(What is expected):
Return the lines of the data below in which the string "revolve" occurs.

──────── Information provided

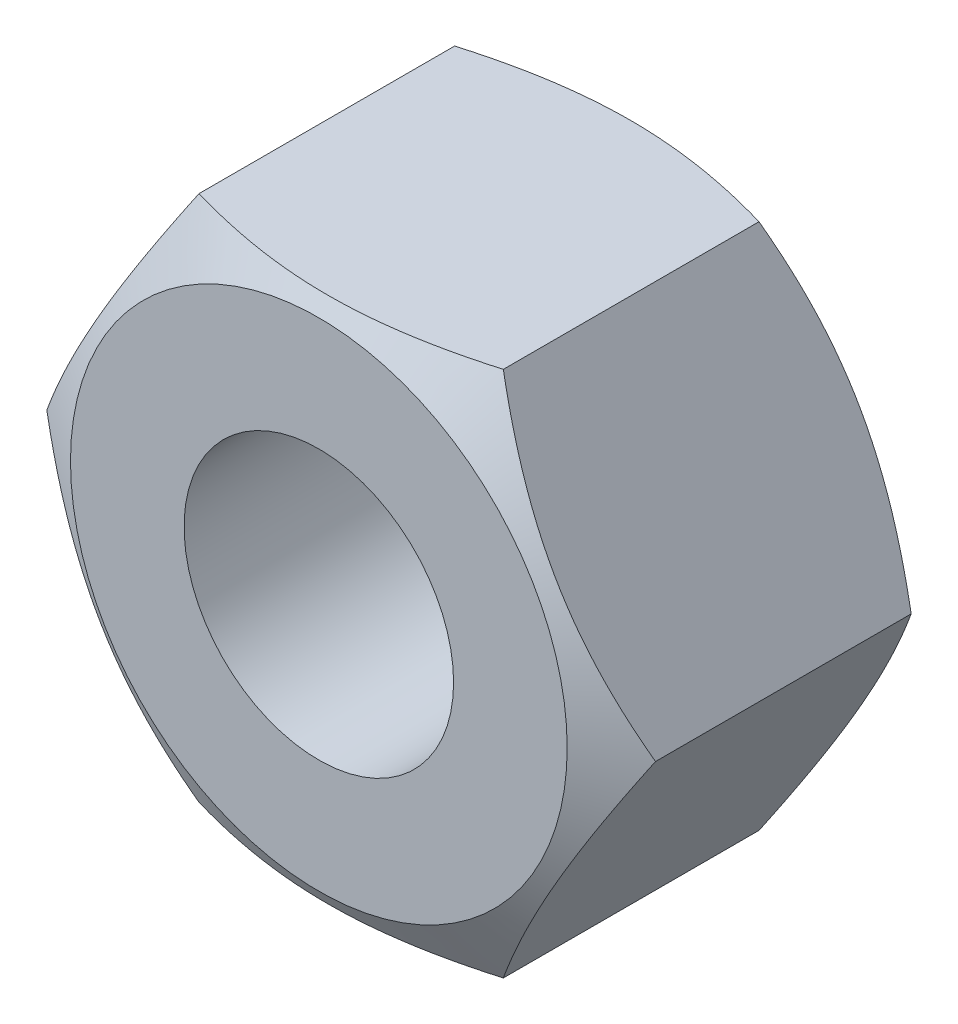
from build123d import *

# Parameters (mm, degrees)
SKETCH1_R     = 3.3235
BASENUT_DEPTH = 7.9


with BuildPart() as part:
    # Sketch1 → BaseNut (new body)
    with BuildSketch(Plane.XY):
        Polygon((3.75277675, -6.5), (7.505553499, 0), (3.75277675, 6.5), (-3.75277675, 6.5), (-7.505553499, 0), (-3.75277675, -6.5), align=None)
        Circle(SKETCH1_R, mode=Mode.SUBTRACT)
    extrude(amount=-BASENUT_DEPTH)

    # Sketch2 → Double-Chamfer (revolve, cut)
    with BuildSketch(Plane(origin=(0, 0, 0), x_dir=(1, 0, 0), z_dir=(0, 1, 0))):
        Polygon((-7.505553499, 7.9), (-6.125, 7.9), (-7.505553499, 7.102937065), align=None)
        Polygon((-7.505553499, 0.797062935), (-7.505553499, 0), (-6.125, 0), align=None)
    revolve(axis=Axis((0, 0, -3.375940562), (0, 0, 1)), mode=Mode.SUBTRACT)


solid = part.part

────────────────

(Output of the exercise):
    # Sketch2 → Double-Chamfer (revolve, cut)
    revolve(axis=Axis((0, 0, -3.375940562), (0, 0, 1)), mode=Mode.SUBTRACT)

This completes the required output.